*YOUR ASSIGNMENT*
Exact reproduction of all the data is required, with pictures excluded.

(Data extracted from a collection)
════════════════

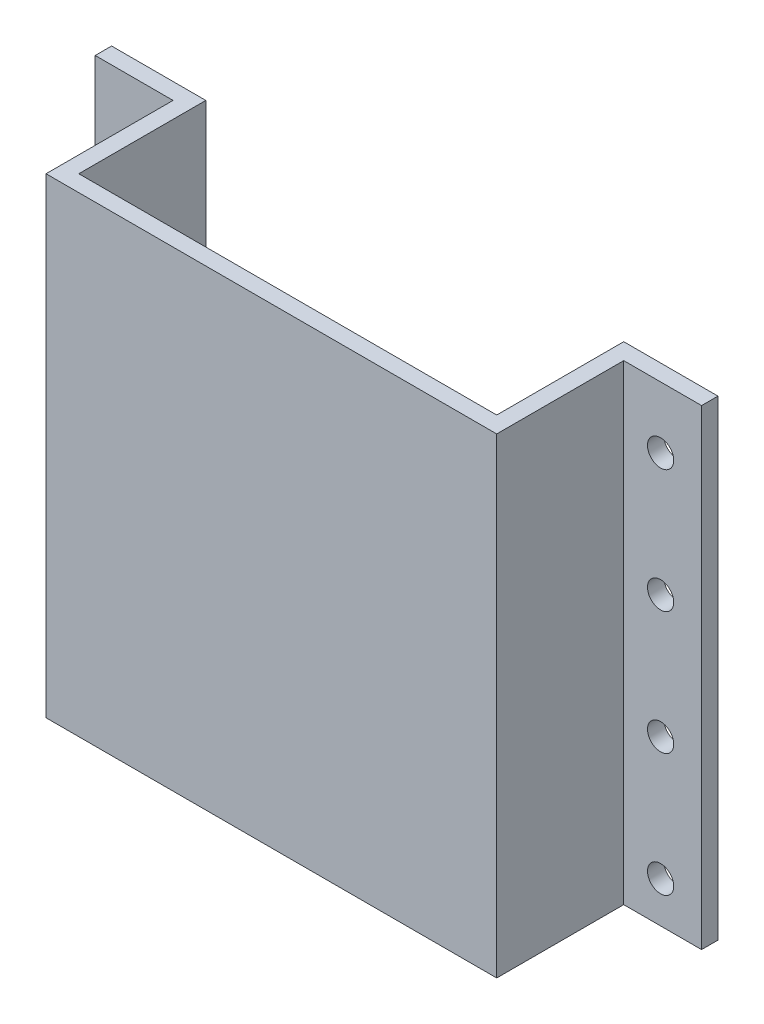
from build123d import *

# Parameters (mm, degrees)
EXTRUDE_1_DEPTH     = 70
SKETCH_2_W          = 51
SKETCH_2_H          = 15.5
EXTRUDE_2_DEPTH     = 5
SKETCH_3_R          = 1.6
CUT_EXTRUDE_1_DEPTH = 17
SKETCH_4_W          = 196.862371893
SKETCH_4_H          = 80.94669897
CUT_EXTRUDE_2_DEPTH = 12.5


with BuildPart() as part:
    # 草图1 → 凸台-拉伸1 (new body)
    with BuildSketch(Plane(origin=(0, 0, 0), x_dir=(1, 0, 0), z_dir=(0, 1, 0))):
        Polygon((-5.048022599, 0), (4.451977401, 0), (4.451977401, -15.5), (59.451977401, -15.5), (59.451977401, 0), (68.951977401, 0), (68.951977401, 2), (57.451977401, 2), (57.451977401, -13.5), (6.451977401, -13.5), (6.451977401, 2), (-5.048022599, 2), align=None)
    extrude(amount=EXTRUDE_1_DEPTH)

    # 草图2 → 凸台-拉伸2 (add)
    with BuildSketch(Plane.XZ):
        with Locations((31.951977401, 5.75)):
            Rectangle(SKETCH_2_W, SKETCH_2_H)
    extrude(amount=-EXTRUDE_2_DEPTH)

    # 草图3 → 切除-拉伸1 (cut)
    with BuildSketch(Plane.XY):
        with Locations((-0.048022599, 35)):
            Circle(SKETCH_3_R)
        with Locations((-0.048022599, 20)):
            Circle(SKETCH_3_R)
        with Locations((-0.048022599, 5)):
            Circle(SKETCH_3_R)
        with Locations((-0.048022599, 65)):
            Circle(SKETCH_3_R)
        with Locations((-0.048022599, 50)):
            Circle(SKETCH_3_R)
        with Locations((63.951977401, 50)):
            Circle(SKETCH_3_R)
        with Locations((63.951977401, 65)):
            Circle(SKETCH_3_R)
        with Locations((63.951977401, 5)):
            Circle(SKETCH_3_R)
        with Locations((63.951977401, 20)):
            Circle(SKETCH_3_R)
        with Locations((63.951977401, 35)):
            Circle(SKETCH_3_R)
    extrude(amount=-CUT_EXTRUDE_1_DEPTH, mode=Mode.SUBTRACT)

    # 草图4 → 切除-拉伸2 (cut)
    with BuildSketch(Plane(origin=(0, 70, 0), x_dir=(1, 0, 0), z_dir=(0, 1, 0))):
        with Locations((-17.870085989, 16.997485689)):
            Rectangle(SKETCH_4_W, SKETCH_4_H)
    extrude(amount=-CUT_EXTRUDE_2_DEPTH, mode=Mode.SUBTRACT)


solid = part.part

════════════════

*TASK SOLUTION*
from build123d import *

# Parameters (mm, degrees)
EXTRUDE_1_DEPTH     = 70
SKETCH_2_W          = 51
SKETCH_2_H          = 15.5
EXTRUDE_2_DEPTH     = 5
SKETCH_3_R          = 1.6
CUT_EXTRUDE_1_DEPTH = 17
SKETCH_4_W          = 196.862371893
SKETCH_4_H          = 80.94669897
CUT_EXTRUDE_2_DEPTH = 12.5


with BuildPart() as part:
    # 草图1 → 凸台-拉伸1 (new body)
    with BuildSketch(Plane(origin=(0, 0, 0), x_dir=(1, 0, 0), z_dir=(0, 1, 0))):
        Polygon((-5.048022599, 0), (4.451977401, 0), (4.451977401, -15.5), (59.451977401, -15.5), (59.451977401, 0), (68.951977401, 0), (68.951977401, 2), (57.451977401, 2), (57.451977401, -13.5), (6.451977401, -13.5), (6.451977401, 2), (-5.048022599, 2), align=None)
    extrude(amount=EXTRUDE_1_DEPTH)

    # 草图2 → 凸台-拉伸2 (add)
    with BuildSketch(Plane.XZ):
        with Locations((31.951977401, 5.75)):
            Rectangle(SKETCH_2_W, SKETCH_2_H)
    extrude(amount=-EXTRUDE_2_DEPTH)

    # 草图3 → 切除-拉伸1 (cut)
    with BuildSketch(Plane.XY):
        with Locations((-0.048022599, 35)):
            Circle(SKETCH_3_R)
        with Locations((-0.048022599, 20)):
            Circle(SKETCH_3_R)
        with Locations((-0.048022599, 5)):
            Circle(SKETCH_3_R)
        with Locations((-0.048022599, 65)):
            Circle(SKETCH_3_R)
        with Locations((-0.048022599, 50)):
            Circle(SKETCH_3_R)
        with Locations((63.951977401, 50)):
            Circle(SKETCH_3_R)
        with Locations((63.951977401, 65)):
            Circle(SKETCH_3_R)
        with Locations((63.951977401, 5)):
            Circle(SKETCH_3_R)
        with Locations((63.951977401, 20)):
            Circle(SKETCH_3_R)
        with Locations((63.951977401, 35)):
            Circle(SKETCH_3_R)
    extrude(amount=-CUT_EXTRUDE_1_DEPTH, mode=Mode.SUBTRACT)

    # 草图4 → 切除-拉伸2 (cut)
    with BuildSketch(Plane(origin=(0, 70, 0), x_dir=(1, 0, 0), z_dir=(0, 1, 0))):
        with Locations((-17.870085989, 16.997485689)):
            Rectangle(SKETCH_4_W, SKETCH_4_H)
    extrude(amount=-CUT_EXTRUDE_2_DEPTH, mode=Mode.SUBTRACT)


solid = part.part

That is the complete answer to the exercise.